ACTION ITEM: Restate the following entries exactly. Keep the pictures out.

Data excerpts
....

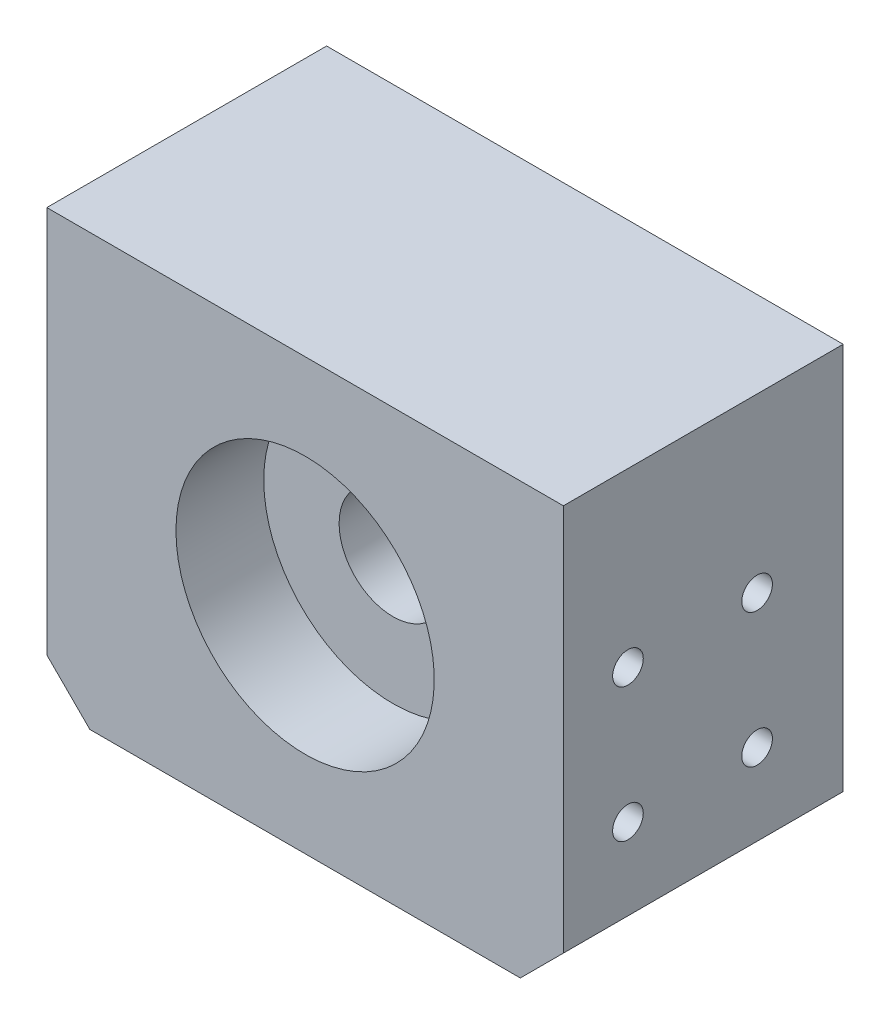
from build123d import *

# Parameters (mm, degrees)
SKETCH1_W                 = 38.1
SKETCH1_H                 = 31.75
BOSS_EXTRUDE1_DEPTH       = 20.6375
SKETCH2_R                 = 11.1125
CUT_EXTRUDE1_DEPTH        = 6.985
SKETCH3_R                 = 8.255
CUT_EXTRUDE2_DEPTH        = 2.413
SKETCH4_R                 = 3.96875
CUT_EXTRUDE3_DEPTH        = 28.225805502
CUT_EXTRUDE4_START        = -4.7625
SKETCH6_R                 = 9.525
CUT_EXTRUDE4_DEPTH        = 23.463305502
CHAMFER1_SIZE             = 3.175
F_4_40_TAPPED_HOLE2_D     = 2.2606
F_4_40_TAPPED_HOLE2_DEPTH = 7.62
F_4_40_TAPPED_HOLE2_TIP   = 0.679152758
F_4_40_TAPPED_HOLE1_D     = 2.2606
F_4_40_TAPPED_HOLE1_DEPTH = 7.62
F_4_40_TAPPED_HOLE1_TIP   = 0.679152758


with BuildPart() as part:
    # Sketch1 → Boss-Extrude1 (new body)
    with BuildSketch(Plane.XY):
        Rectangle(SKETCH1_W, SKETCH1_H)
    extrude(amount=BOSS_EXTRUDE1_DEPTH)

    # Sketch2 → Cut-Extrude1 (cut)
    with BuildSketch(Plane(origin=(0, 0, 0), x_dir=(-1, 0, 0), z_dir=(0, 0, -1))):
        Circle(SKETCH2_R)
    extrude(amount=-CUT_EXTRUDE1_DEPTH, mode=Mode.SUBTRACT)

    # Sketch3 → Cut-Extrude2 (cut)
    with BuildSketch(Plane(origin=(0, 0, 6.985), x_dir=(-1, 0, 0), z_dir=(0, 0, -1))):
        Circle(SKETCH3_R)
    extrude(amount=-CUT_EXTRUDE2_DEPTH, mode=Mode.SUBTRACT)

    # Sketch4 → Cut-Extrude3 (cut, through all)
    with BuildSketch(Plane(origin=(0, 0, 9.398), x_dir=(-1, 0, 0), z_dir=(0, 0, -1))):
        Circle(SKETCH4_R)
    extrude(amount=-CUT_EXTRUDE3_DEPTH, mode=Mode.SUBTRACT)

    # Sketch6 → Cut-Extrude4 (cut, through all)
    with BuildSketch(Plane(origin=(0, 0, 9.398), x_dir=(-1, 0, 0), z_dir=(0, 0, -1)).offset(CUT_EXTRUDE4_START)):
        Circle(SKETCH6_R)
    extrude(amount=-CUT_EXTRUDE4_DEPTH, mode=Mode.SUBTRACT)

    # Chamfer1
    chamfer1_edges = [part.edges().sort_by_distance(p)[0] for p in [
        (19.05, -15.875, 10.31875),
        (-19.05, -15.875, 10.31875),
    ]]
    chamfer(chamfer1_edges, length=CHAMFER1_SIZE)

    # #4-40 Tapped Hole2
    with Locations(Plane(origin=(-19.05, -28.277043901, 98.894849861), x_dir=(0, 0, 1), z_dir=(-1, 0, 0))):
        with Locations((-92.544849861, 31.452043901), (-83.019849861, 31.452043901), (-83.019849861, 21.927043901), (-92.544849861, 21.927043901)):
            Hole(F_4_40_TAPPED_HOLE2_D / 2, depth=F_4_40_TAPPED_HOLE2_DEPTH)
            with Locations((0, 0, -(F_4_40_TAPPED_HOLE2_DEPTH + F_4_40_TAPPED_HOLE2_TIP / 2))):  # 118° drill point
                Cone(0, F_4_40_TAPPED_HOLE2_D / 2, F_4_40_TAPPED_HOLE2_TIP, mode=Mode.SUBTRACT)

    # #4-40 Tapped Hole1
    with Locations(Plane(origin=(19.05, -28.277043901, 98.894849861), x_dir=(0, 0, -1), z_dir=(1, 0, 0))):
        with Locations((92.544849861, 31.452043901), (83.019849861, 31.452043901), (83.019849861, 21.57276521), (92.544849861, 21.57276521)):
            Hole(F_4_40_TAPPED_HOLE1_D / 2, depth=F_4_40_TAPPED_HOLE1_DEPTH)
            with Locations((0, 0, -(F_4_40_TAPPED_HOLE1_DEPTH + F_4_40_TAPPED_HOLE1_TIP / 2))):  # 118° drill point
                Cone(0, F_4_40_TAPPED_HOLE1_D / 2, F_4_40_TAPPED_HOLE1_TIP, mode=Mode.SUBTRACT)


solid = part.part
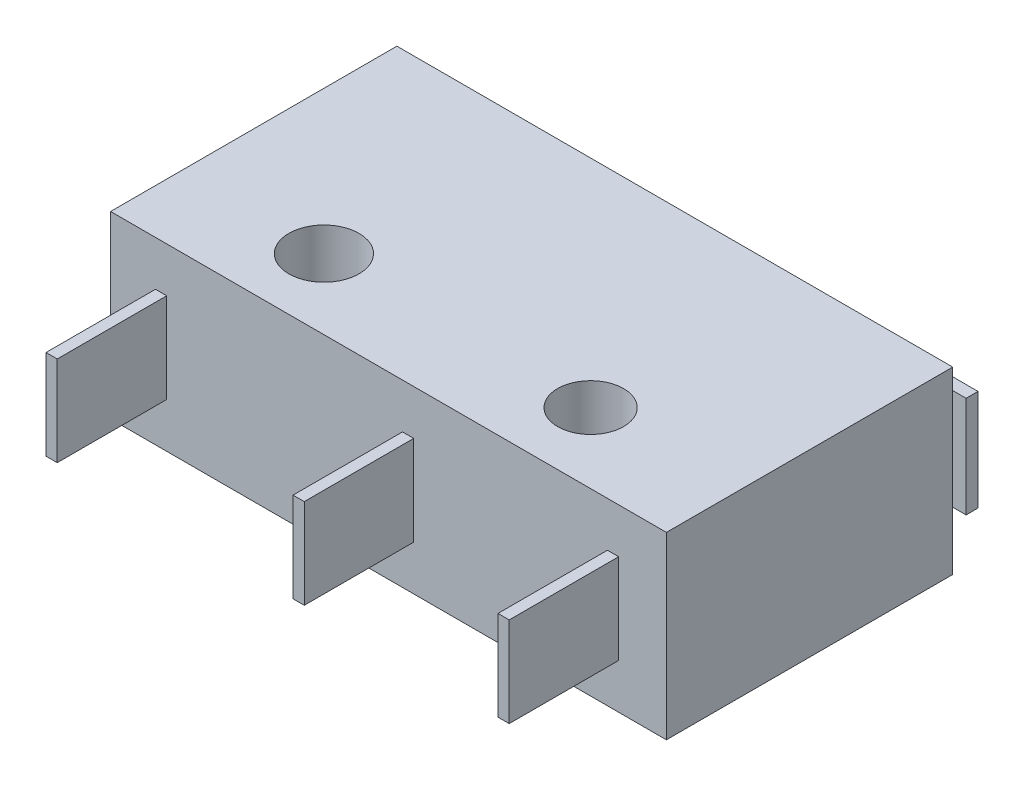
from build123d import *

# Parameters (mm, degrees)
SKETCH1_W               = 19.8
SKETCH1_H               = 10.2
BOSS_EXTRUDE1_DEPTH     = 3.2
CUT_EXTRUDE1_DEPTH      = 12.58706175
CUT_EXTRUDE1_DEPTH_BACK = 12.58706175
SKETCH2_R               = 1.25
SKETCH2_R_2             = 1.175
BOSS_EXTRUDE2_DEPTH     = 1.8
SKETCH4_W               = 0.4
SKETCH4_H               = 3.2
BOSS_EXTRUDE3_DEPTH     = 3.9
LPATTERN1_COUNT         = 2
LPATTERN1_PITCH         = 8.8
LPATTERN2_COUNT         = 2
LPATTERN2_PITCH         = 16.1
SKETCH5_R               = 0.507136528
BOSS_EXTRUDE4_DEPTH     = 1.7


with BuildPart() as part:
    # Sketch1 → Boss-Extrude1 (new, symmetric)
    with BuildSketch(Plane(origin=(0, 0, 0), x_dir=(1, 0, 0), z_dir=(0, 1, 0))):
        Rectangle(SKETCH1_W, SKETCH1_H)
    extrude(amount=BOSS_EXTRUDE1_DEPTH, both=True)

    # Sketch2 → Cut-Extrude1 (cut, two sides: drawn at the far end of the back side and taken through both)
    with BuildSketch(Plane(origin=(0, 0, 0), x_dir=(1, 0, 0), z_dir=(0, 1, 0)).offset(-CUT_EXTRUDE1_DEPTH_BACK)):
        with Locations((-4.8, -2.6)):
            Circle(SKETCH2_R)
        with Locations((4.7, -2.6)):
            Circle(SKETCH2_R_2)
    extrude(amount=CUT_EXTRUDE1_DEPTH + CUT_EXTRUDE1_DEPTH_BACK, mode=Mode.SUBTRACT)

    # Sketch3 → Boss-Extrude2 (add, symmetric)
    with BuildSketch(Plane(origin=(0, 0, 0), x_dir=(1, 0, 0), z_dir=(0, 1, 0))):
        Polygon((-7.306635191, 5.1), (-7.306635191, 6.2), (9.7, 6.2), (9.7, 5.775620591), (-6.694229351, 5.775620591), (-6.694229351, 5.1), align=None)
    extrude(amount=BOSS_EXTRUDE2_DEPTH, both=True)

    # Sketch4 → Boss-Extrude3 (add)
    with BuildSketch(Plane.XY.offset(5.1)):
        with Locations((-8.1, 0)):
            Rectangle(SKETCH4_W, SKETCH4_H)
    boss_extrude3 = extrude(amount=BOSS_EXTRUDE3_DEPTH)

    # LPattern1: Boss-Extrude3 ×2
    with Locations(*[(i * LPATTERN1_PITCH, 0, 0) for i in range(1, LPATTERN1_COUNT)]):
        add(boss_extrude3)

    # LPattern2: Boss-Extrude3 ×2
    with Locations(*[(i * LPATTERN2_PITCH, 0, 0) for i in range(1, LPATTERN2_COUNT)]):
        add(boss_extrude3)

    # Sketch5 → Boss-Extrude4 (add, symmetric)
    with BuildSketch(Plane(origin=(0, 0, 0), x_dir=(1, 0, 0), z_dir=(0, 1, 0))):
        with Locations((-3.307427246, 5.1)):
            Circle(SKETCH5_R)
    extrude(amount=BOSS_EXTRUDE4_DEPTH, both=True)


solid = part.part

....

ANSWER:
from build123d import *

# Parameters (mm, degrees)
SKETCH1_W                 = 38.1
SKETCH1_H                 = 31.75
BOSS_EXTRUDE1_DEPTH       = 20.6375
SKETCH2_R                 = 11.1125
CUT_EXTRUDE1_DEPTH        = 6.985
SKETCH3_R                 = 8.255
CUT_EXTRUDE2_DEPTH        = 2.413
SKETCH4_R                 = 3.96875
CUT_EXTRUDE3_DEPTH        = 28.225805502
CUT_EXTRUDE4_START        = -4.7625
SKETCH6_R                 = 9.525
CUT_EXTRUDE4_DEPTH        = 23.463305502
CHAMFER1_SIZE             = 3.175
F_4_40_TAPPED_HOLE2_D     = 2.2606
F_4_40_TAPPED_HOLE2_DEPTH = 7.62
F_4_40_TAPPED_HOLE2_TIP   = 0.679152758
F_4_40_TAPPED_HOLE1_D     = 2.2606
F_4_40_TAPPED_HOLE1_DEPTH = 7.62
F_4_40_TAPPED_HOLE1_TIP   = 0.679152758


with BuildPart() as part:
    # Sketch1 → Boss-Extrude1 (new body)
    with BuildSketch(Plane.XY):
        Rectangle(SKETCH1_W, SKETCH1_H)
    extrude(amount=BOSS_EXTRUDE1_DEPTH)

    # Sketch2 → Cut-Extrude1 (cut)
    with BuildSketch(Plane(origin=(0, 0, 0), x_dir=(-1, 0, 0), z_dir=(0, 0, -1))):
        Circle(SKETCH2_R)
    extrude(amount=-CUT_EXTRUDE1_DEPTH, mode=Mode.SUBTRACT)

    # Sketch3 → Cut-Extrude2 (cut)
    with BuildSketch(Plane(origin=(0, 0, 6.985), x_dir=(-1, 0, 0), z_dir=(0, 0, -1))):
        Circle(SKETCH3_R)
    extrude(amount=-CUT_EXTRUDE2_DEPTH, mode=Mode.SUBTRACT)

    # Sketch4 → Cut-Extrude3 (cut, through all)
    with BuildSketch(Plane(origin=(0, 0, 9.398), x_dir=(-1, 0, 0), z_dir=(0, 0, -1))):
        Circle(SKETCH4_R)
    extrude(amount=-CUT_EXTRUDE3_DEPTH, mode=Mode.SUBTRACT)

    # Sketch6 → Cut-Extrude4 (cut, through all)
    with BuildSketch(Plane(origin=(0, 0, 9.398), x_dir=(-1, 0, 0), z_dir=(0, 0, -1)).offset(CUT_EXTRUDE4_START)):
        Circle(SKETCH6_R)
    extrude(amount=-CUT_EXTRUDE4_DEPTH, mode=Mode.SUBTRACT)

    # Chamfer1
    chamfer1_edges = [part.edges().sort_by_distance(p)[0] for p in [
        (19.05, -15.875, 10.31875),
        (-19.05, -15.875, 10.31875),
    ]]
    chamfer(chamfer1_edges, length=CHAMFER1_SIZE)

    # #4-40 Tapped Hole2
    with Locations(Plane(origin=(-19.05, -28.277043901, 98.894849861), x_dir=(0, 0, 1), z_dir=(-1, 0, 0))):
        with Locations((-92.544849861, 31.452043901), (-83.019849861, 31.452043901), (-83.019849861, 21.927043901), (-92.544849861, 21.927043901)):
            Hole(F_4_40_TAPPED_HOLE2_D / 2, depth=F_4_40_TAPPED_HOLE2_DEPTH)
            with Locations((0, 0, -(F_4_40_TAPPED_HOLE2_DEPTH + F_4_40_TAPPED_HOLE2_TIP / 2))):  # 118° drill point
                Cone(0, F_4_40_TAPPED_HOLE2_D / 2, F_4_40_TAPPED_HOLE2_TIP, mode=Mode.SUBTRACT)

    # #4-40 Tapped Hole1
    with Locations(Plane(origin=(19.05, -28.277043901, 98.894849861), x_dir=(0, 0, -1), z_dir=(1, 0, 0))):
        with Locations((92.544849861, 31.452043901), (83.019849861, 31.452043901), (83.019849861, 21.57276521), (92.544849861, 21.57276521)):
            Hole(F_4_40_TAPPED_HOLE1_D / 2, depth=F_4_40_TAPPED_HOLE1_DEPTH)
            with Locations((0, 0, -(F_4_40_TAPPED_HOLE1_DEPTH + F_4_40_TAPPED_HOLE1_TIP / 2))):  # 118° drill point
                Cone(0, F_4_40_TAPPED_HOLE1_D / 2, F_4_40_TAPPED_HOLE1_TIP, mode=Mode.SUBTRACT)


solid = part.part
from build123d import *

# Parameters (mm, degrees)
SKETCH1_W               = 19.8
SKETCH1_H               = 10.2
BOSS_EXTRUDE1_DEPTH     = 3.2
CUT_EXTRUDE1_DEPTH      = 12.58706175
CUT_EXTRUDE1_DEPTH_BACK = 12.58706175
SKETCH2_R               = 1.25
SKETCH2_R_2             = 1.175
BOSS_EXTRUDE2_DEPTH     = 1.8
SKETCH4_W               = 0.4
SKETCH4_H               = 3.2
BOSS_EXTRUDE3_DEPTH     = 3.9
LPATTERN1_COUNT         = 2
LPATTERN1_PITCH         = 8.8
LPATTERN2_COUNT         = 2
LPATTERN2_PITCH         = 16.1
SKETCH5_R               = 0.507136528
BOSS_EXTRUDE4_DEPTH     = 1.7


with BuildPart() as part:
    # Sketch1 → Boss-Extrude1 (new, symmetric)
    with BuildSketch(Plane(origin=(0, 0, 0), x_dir=(1, 0, 0), z_dir=(0, 1, 0))):
        Rectangle(SKETCH1_W, SKETCH1_H)
    extrude(amount=BOSS_EXTRUDE1_DEPTH, both=True)

    # Sketch2 → Cut-Extrude1 (cut, two sides: drawn at the far end of the back side and taken through both)
    with BuildSketch(Plane(origin=(0, 0, 0), x_dir=(1, 0, 0), z_dir=(0, 1, 0)).offset(-CUT_EXTRUDE1_DEPTH_BACK)):
        with Locations((-4.8, -2.6)):
            Circle(SKETCH2_R)
        with Locations((4.7, -2.6)):
            Circle(SKETCH2_R_2)
    extrude(amount=CUT_EXTRUDE1_DEPTH + CUT_EXTRUDE1_DEPTH_BACK, mode=Mode.SUBTRACT)

    # Sketch3 → Boss-Extrude2 (add, symmetric)
    with BuildSketch(Plane(origin=(0, 0, 0), x_dir=(1, 0, 0), z_dir=(0, 1, 0))):
        Polygon((-7.306635191, 5.1), (-7.306635191, 6.2), (9.7, 6.2), (9.7, 5.775620591), (-6.694229351, 5.775620591), (-6.694229351, 5.1), align=None)
    extrude(amount=BOSS_EXTRUDE2_DEPTH, both=True)

    # Sketch4 → Boss-Extrude3 (add)
    with BuildSketch(Plane.XY.offset(5.1)):
        with Locations((-8.1, 0)):
            Rectangle(SKETCH4_W, SKETCH4_H)
    boss_extrude3 = extrude(amount=BOSS_EXTRUDE3_DEPTH)

    # LPattern1: Boss-Extrude3 ×2
    with Locations(*[(i * LPATTERN1_PITCH, 0, 0) for i in range(1, LPATTERN1_COUNT)]):
        add(boss_extrude3)

    # LPattern2: Boss-Extrude3 ×2
    with Locations(*[(i * LPATTERN2_PITCH, 0, 0) for i in range(1, LPATTERN2_COUNT)]):
        add(boss_extrude3)

    # Sketch5 → Boss-Extrude4 (add, symmetric)
    with BuildSketch(Plane(origin=(0, 0, 0), x_dir=(1, 0, 0), z_dir=(0, 1, 0))):
        with Locations((-3.307427246, 5.1)):
            Circle(SKETCH5_R)
    extrude(amount=BOSS_EXTRUDE4_DEPTH, both=True)


solid = part.part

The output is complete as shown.